Using the listing below, copy exactly the lines from the one containing "060D8: U102.D8; also elsewhere on the board" to the one containing "060D30: U102.D30; also elsewhere on the board", both lines included, and no others.
=== Begin Enclosure ===
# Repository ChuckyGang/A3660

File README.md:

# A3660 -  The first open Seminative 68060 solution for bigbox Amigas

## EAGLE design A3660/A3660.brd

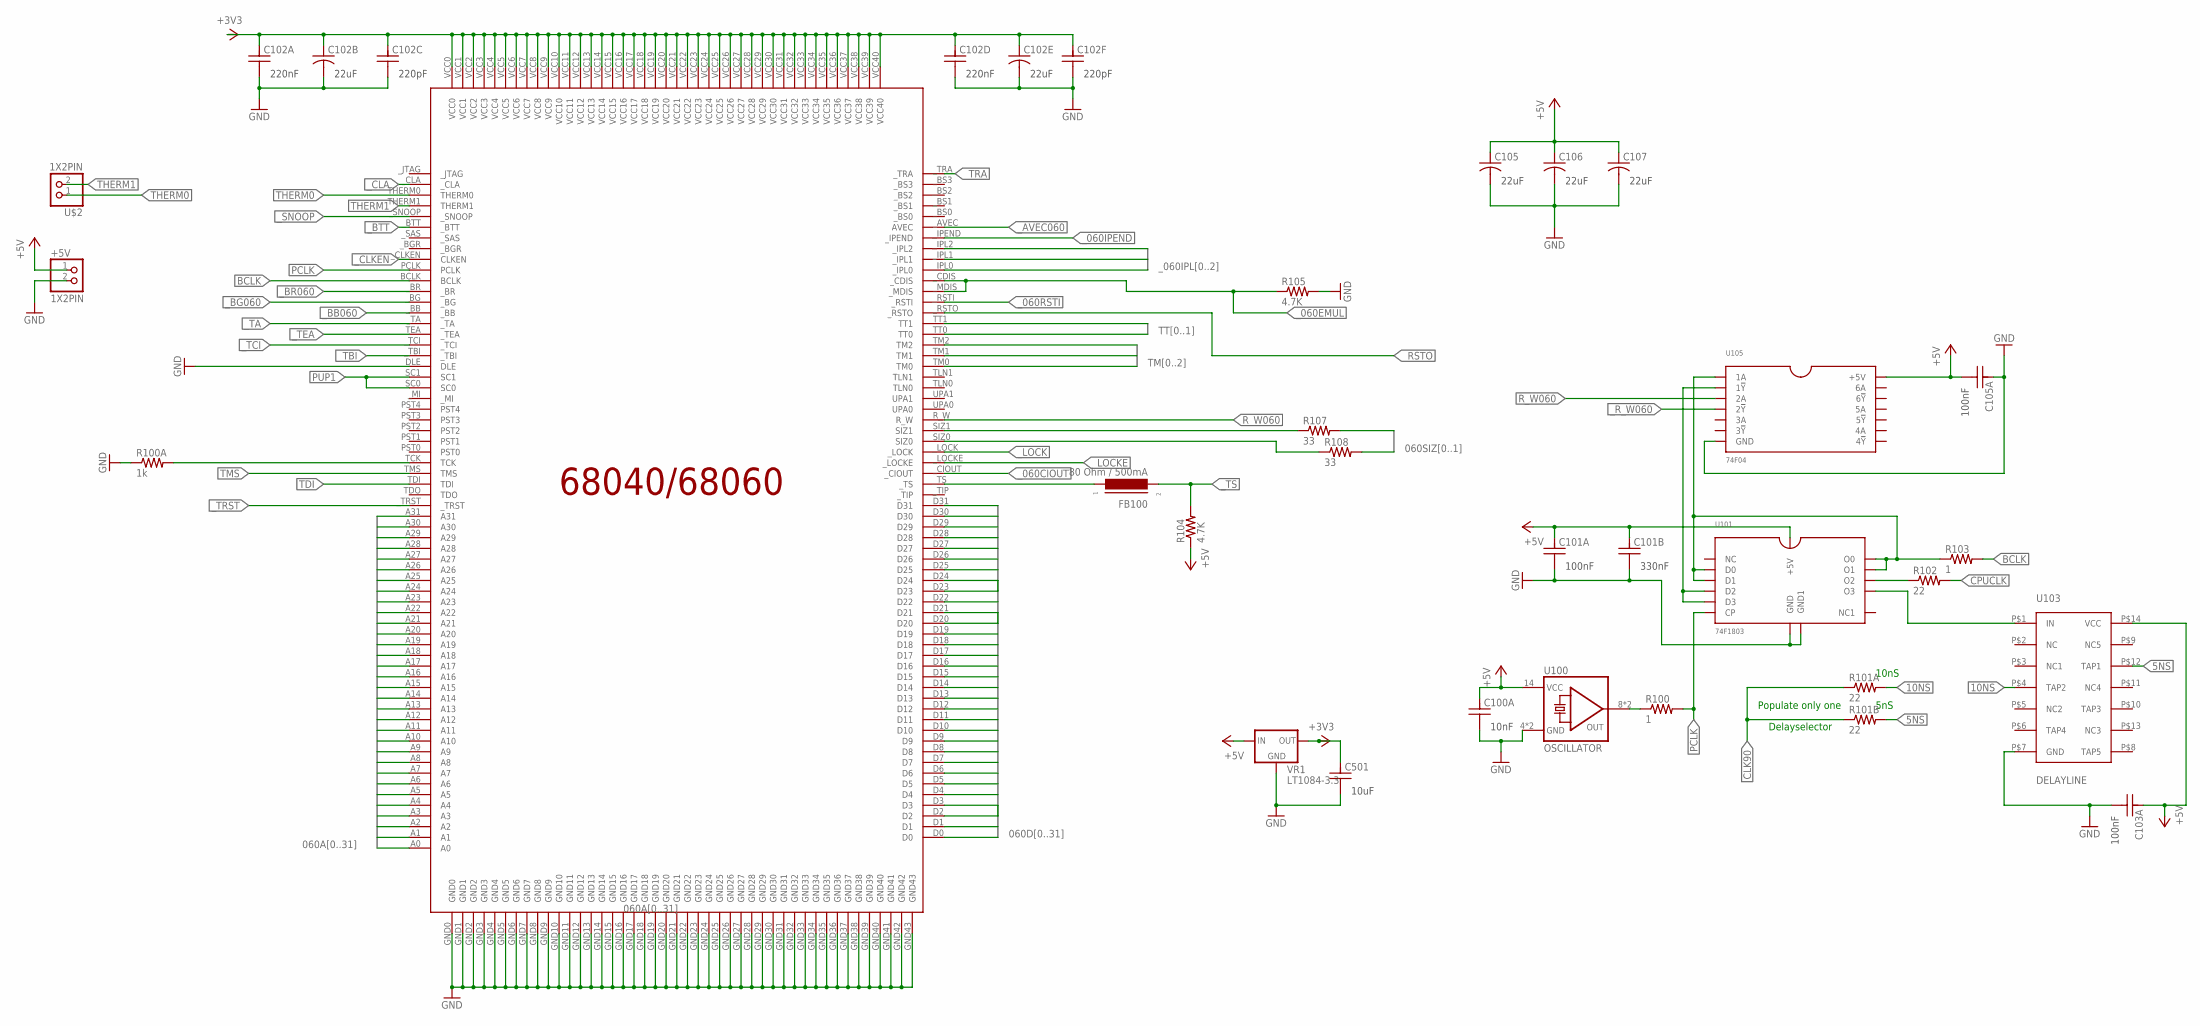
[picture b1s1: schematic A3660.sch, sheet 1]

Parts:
+5V: 1X2PIN
C100A: 10nF; R0805
C101A, C103A, C105A: 100nF; R0805
C101B: 330nF; R0805
C102A, C102D: 220nF; R0805
C102B, C102E, C105, C106, C107: 22uF; SMD-ELECTROLYTE
C102C, C102F: 220pF; R0805
C501: 10uF; R0805
FB100: 80 Ohm / 500mA; FERRITE
R100, R103: 1; R0805
R100A: 1k; R0805
R101A, R101B, R102: 22; R0805
R104, R105: 4.7K; R0805
R107, R108: 33; R0805
U100: OSCILLATOR
U101: 74F1803
U102: MC68040/68060
U103: DELAYLINE
U105: 74F04
U$2: 1X2PIN
VR1: LT1084-3.3

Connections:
5NS: R101B.2, U103.P$12 (TAP1)
10NS: R101A.2, U103.P$4 (TAP2)
060A0: U102.A0; also elsewhere on the board
060A1: U102.A1; also elsewhere on the board
060A2: U102.A2; also elsewhere on the board
060A3: U102.A3; also elsewhere on the board
060A4: U102.A4; also elsewhere on the board
060A5: U102.A5; also elsewhere on the board
060A6: U102.A6; also elsewhere on the board
060A7: U102.A7; also elsewhere on the board
060A8: U102.A8; also elsewhere on the board
060A9: U102.A9; also elsewhere on the board
060A10: U102.A10; also elsewhere on the board
060A11: U102.A11; also elsewhere on the board
060A12: U102.A12; also elsewhere on the board
060A13: U102.A13; also elsewhere on the board
060A14: U102.A14; also elsewhere on the board
060A15: U102.A15; also elsewhere on the board
060A16: U102.A16; also elsewhere on the board
060A17: U102.A17; also elsewhere on the board
060A18: U102.A18; also elsewhere on the board
060A19: U102.A19; also elsewhere on the board
060A20: U102.A20; also elsewhere on the board
060A21: U102.A21; also elsewhere on the board
060A22: U102.A22; also elsewhere on the board
060A23: U102.A23; also elsewhere on the board
060A24: U102.A24; also elsewhere on the board
060A25: U102.A25; also elsewhere on the board
060A26: U102.A26; also elsewhere on the board
060A27: U102.A27; also elsewhere on the board
060A28: U102.A28; also elsewhere on the board
060A29: U102.A29; also elsewhere on the board
060A30: U102.A30; also elsewhere on the board
060A31: U102.A31; also elsewhere on the board
060D0: U102.D0; also elsewhere on the board
060D1: U102.D1; also elsewhere on the board
060D2: U102.D2; also elsewhere on the board
060D3: U102.D3; also elsewhere on the board
060D4: U102.D4; also elsewhere on the board
060D5: U102.D5; also elsewhere on the board
060D6: U102.D6; also elsewhere on the board
060D7: U102.D7; also elsewhere on the board
060D8: U102.D8; also elsewhere on the board
060D9: U102.D9; also elsewhere on the board
060D10: U102.D10; also elsewhere on the board
060D11: U102.D11; also elsewhere on the board
060D12: U102.D12; also elsewhere on the board
060D13: U102.D13; also elsewhere on the board
060D14: U102.D14; also elsewhere on the board
060D15: U102.D15; also elsewhere on the board
060D16: U102.D16; also elsewhere on the board
060D17: U102.D17; also elsewhere on the board
060D18: U102.D18; also elsewhere on the board
060D19: U102.D19; also elsewhere on the board
060D20: U102.D20; also elsewhere on the board
060D21: U102.D21; also elsewhere on the board
060D22: U102.D22; also elsewhere on the board
060D23: U102.D23; also elsewhere on the board
060D24: U102.D24; also elsewhere on the board
060D25: U102.D25; also elsewhere on the board
060D26: U102.D26; also elsewhere on the board
060D27: U102.D27; also elsewhere on the board
060D28: U102.D28; also elsewhere on the board
060D29: U102.D29; also elsewhere on the board
060D30: U102.D30; also elsewhere on the board
060D31: U102.D31; also elsewhere on the board
060SIZ0: R108.2; also elsewhere on the board
060SIZ1: R107.2; also elsewhere on the board
+3V3: C102A.1, C102B.+ (1), C102C.1, C102D.1, C102E.+ (1), C102F.1, C501.1, U102.VCC0, U102.VCC1, U102.VCC2, U102.VCC3, U102.VCC4, U102.VCC5, U102.VCC6, U102.VCC7, U102.VCC8, U102.VCC9, U102.VCC10, U102.VCC11, U102.VCC12, U102.VCC13, U102.VCC14, U102.VCC15, U102.VCC16, U102.VCC17, U102.VCC18, U102.VCC19, U102.VCC20, U102.VCC21, U102.VCC22, U102.VCC23, U102.VCC24, U102.VCC25, U102.VCC26, U102.VCC27, U102.VCC28, U102.VCC29, U102.VCC30, U102.VCC31, U102.VCC32, U102.VCC33, U102.VCC34, U102.VCC35, U102.VCC36, U102.VCC37, U102.VCC38, U102.VCC39, U102.VCC40, VR1.OUT, VR1.OUT2 (OUT); also elsewhere on the board
+5V: +5V.1, C100A.1, C101A.1, C101B.1, C103A.1, C105.+ (1), C105A.2, C106.+ (1), C107.+ (1), R104.1, U100.14 (+5V), U101.14 (+5V), U103.P$14 (VCC), U105.14 (+5V), VR1.IN; also elsewhere on the board
BCLK: R103.2, U102.BCLK; also elsewhere on the board
CLK90: R101A.1, R101B.1; also elsewhere on the board
CPUCLK: R102.2; also elsewhere on the board
GND: +5V.2, C100A.2, C101A.2, C101B.2, C102A.2, C102B.- (2), C102C.2, C102D.2, C102E.- (2), C102F.2, C103A.2, C105.- (2), C105A.1, C106.- (2), C107.- (2), C501.2, R100A.1, R105.2, U100.4 (GND), U100.7 (GND), U101.1 (GND), U101.7 (GND1), U102.DLE, U102.GND0, U102.GND1, U102.GND2, U102.GND3, U102.GND4, U102.GND5, U102.GND6, U102.GND7, U102.GND8, U102.GND9, U102.GND10, U102.GND11, U102.GND12, U102.GND13, U102.GND14, U102.GND15, U102.GND16, U102.GND17, U102.GND18, U102.GND19, U102.GND20, U102.GND21, U102.GND22, U102.GND23, U102.GND24, U102.GND25, U102.GND26, U102.GND27, U102.GND28, U102.GND29, U102.GND30, U102.GND31, U102.GND32, U102.GND33, U102.GND34, U102.GND35, U102.GND36, U102.GND37, U102.GND38, U102.GND39, U102.GND40, U102.GND41, U102.GND42, U102.GND43, U103.P$7 (GND), U105.7 (GND), VR1.GND; also elsewhere on the board
unnamed: R107.1, U102.SIZ1
unnamed: R108.1, U102.SIZ0
unnamed: FB100.1, U102._TS
unnamed: R100.1, U100.8 (OUT), U100.11 (OUT)
unnamed: U101.10 (D2), U101.11 (D3), U105.2 (1!Y)
unnamed: R103.1, U101.3 (O0), U101.4 (D0), U101.5 (D1), U101.6 (O1), U105.1 (1A)
unnamed: R102.1, U101.9 (O2)
unnamed: U101.12 (O3), U103.P$1 (IN)
PCLK: R100.2, U101.8 (CP), U102.PCLK
PUP1: U102.SC0, U102.SC1; also elsewhere on the board
R_W060: U102.R_W, U105.3 (2A); also elsewhere on the board
TCK: R100A.2, U102.TCK
TDI: U102.TDI; also elsewhere on the board
THERM0: U102.THERM0, U$2.1
THERM1: U102.THERM1, U$2.2
TM0: U102.TM0; also elsewhere on the board
TM1: U102.TM1; also elsewhere on the board
TM2: U102.TM2; also elsewhere on the board
TMS: U102.TMS; also elsewhere on the board
TT0: U102.TT0; also elsewhere on the board
TT1: U102.TT1; also elsewhere on the board
_060CIOUT: U102._CIOUT; also elsewhere on the board
_060EMUL: R105.1, U102._CDIS, U102._MDIS; also elsewhere on the board
_060IPEND: U102._IPEND; also elsewhere on the board
_060IPL0: U102._IPL0; also elsewhere on the board
_060IPL1: U102._IPL1; also elsewhere on the board
_060IPL2: U102._IPL2; also elsewhere on the board
_060RSTI: U102._RSTI; also elsewhere on the board
_AVEC060: U102._AVEC (AVEC); also elsewhere on the board
_BB060: U102._BB; also elsewhere on the board
_BG060: U102._BG; also elsewhere on the board
_BR060: U102._BR; also elsewhere on the board
_BTT: U102._BTT; also elsewhere on the board
_CLA: U102._CLA; also elsewhere on the board
_CLKEN: U102._CLKEN (CLKEN); also elsewhere on the board
_LOCK: U102._LOCK; also elsewhere on the board
_LOCKE: U102._LOCKE; also elsewhere on the board
_RSTO: U102._RSTO; also elsewhere on the board
_R_W060: U105.4 (2!Y); also elsewhere on the board
_SNOOP: U102._SNOOP; also elsewhere on the board
_TA: U102._TA; also elsewhere on the board
_TBI: U102._TBI; also elsewhere on the board
_TCI: U102._TCI; also elsewhere on the board
_TEA: U102._TEA; also elsewhere on the board
_TRA: U102._TRA; also elsewhere on the board
_TRST: U102._TRST; also elsewhere on the board
_TS: FB100.2, R104.2; also elsewhere on the board

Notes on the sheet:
10nS
5nS
Populate only one
Delayselector

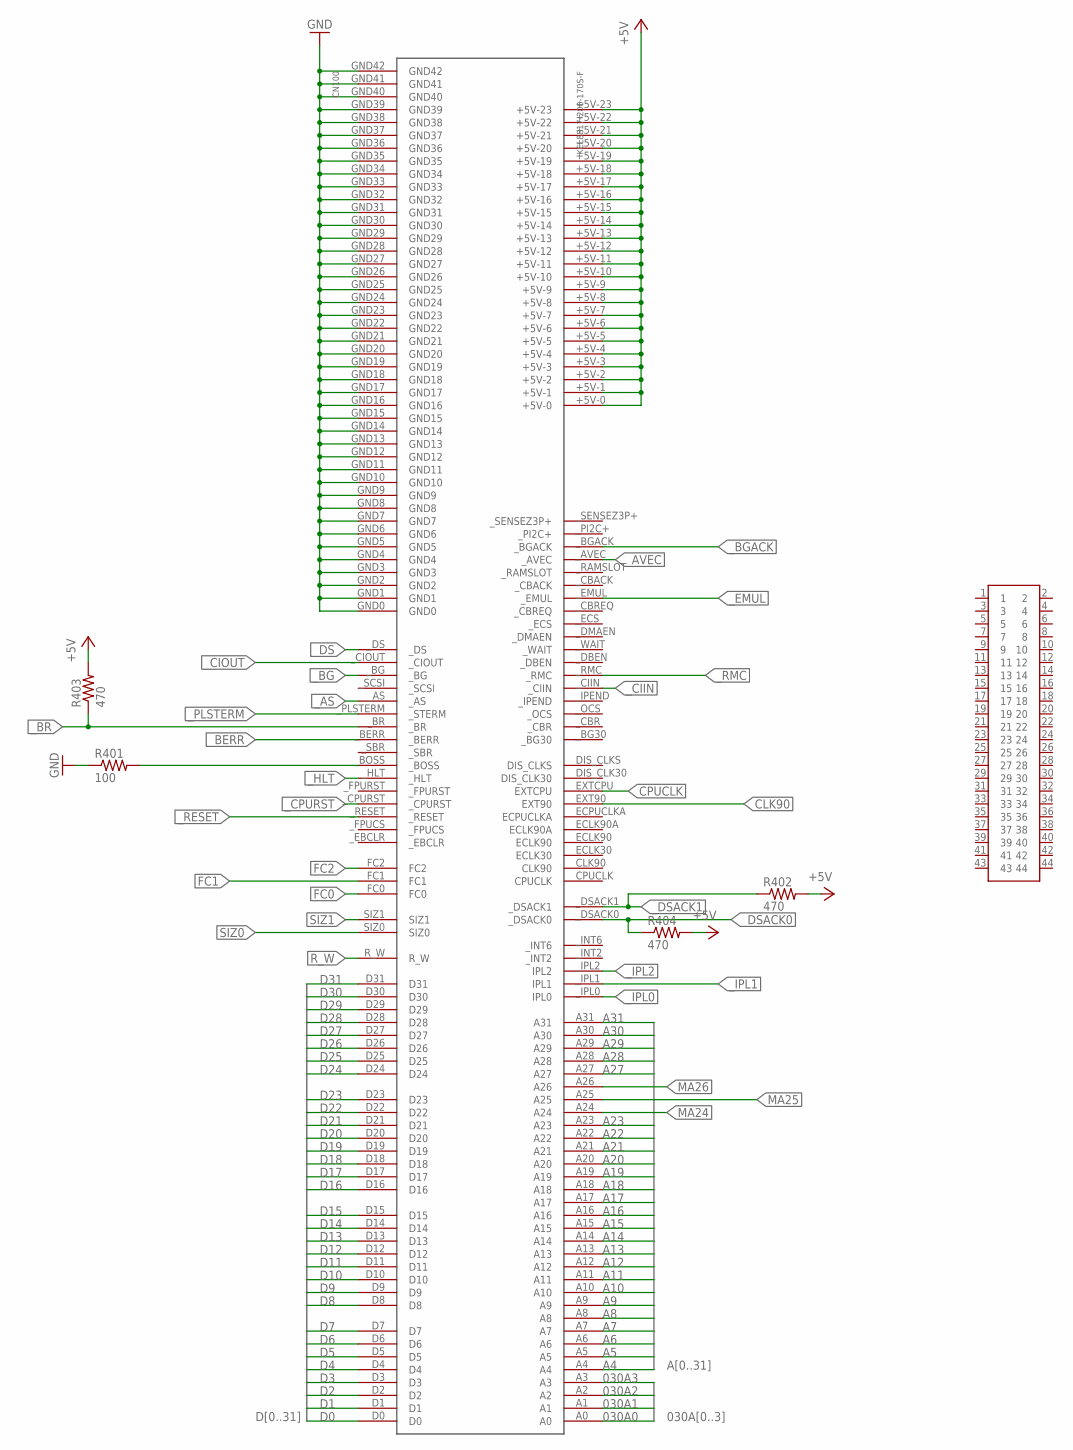
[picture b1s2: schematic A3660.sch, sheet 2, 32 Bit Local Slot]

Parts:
CN100: KEL8817-200-170S-F
R401: 100; R0805
R402, R403, R404: 470; R0805
U$1: 2X22-2MM; 2X22

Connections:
030A0: CN100.A0; also elsewhere on the board
030A1: CN100.A1; also elsewhere on the board
030A2: CN100.A2; also elsewhere on the board
030A3: CN100.A3; also elsewhere on the board
+5V: CN100.+5V-0, CN100.+5V-1, CN100.+5V-2, CN100.+5V-3, CN100.+5V-4, CN100.+5V-5, CN100.+5V-6, CN100.+5V-7, CN100.+5V-8, CN100.+5V-9, CN100.+5V-10, CN100.+5V-11, CN100.+5V-12, CN100.+5V-13, CN100.+5V-14, CN100.+5V-15, CN100.+5V-16, CN100.+5V-17, CN100.+5V-18, CN100.+5V-19, CN100.+5V-20, CN100.+5V-21, CN100.+5V-22, CN100.+5V-23, R402.2, R403.2, R404.2; also elsewhere on the board
A4: CN100.A4; also elsewhere on the board
A5: CN100.A5; also elsewhere on the board
A6: CN100.A6; also elsewhere on the board
A7: CN100.A7; also elsewhere on the board
A8: CN100.A8; also elsewhere on the board
A9: CN100.A9; also elsewhere on the board
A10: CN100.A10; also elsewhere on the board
=== End Enclosure ===
• Response box:
060D8: U102.D8; also elsewhere on the board
060D9: U102.D9; also elsewhere on the board
060D10: U102.D10; also elsewhere on the board
060D11: U102.D11; also elsewhere on the board
060D12: U102.D12; also elsewhere on the board
060D13: U102.D13; also elsewhere on the board
060D14: U102.D14; also elsewhere on the board
060D15: U102.D15; also elsewhere on the board
060D16: U102.D16; also elsewhere on the board
060D17: U102.D17; also elsewhere on the board
060D18: U102.D18; also elsewhere on the board
060D19: U102.D19; also elsewhere on the board
060D20: U102.D20; also elsewhere on the board
060D21: U102.D21; also elsewhere on the board
060D22: U102.D22; also elsewhere on the board
060D23: U102.D23; also elsewhere on the board
060D24: U102.D24; also elsewhere on the board
060D25: U102.D25; also elsewhere on the board
060D26: U102.D26; also elsewhere on the board
060D27: U102.D27; also elsewhere on the board
060D28: U102.D28; also elsewhere on the board
060D29: U102.D29; also elsewhere on the board
060D30: U102.D30; also elsewhere on the board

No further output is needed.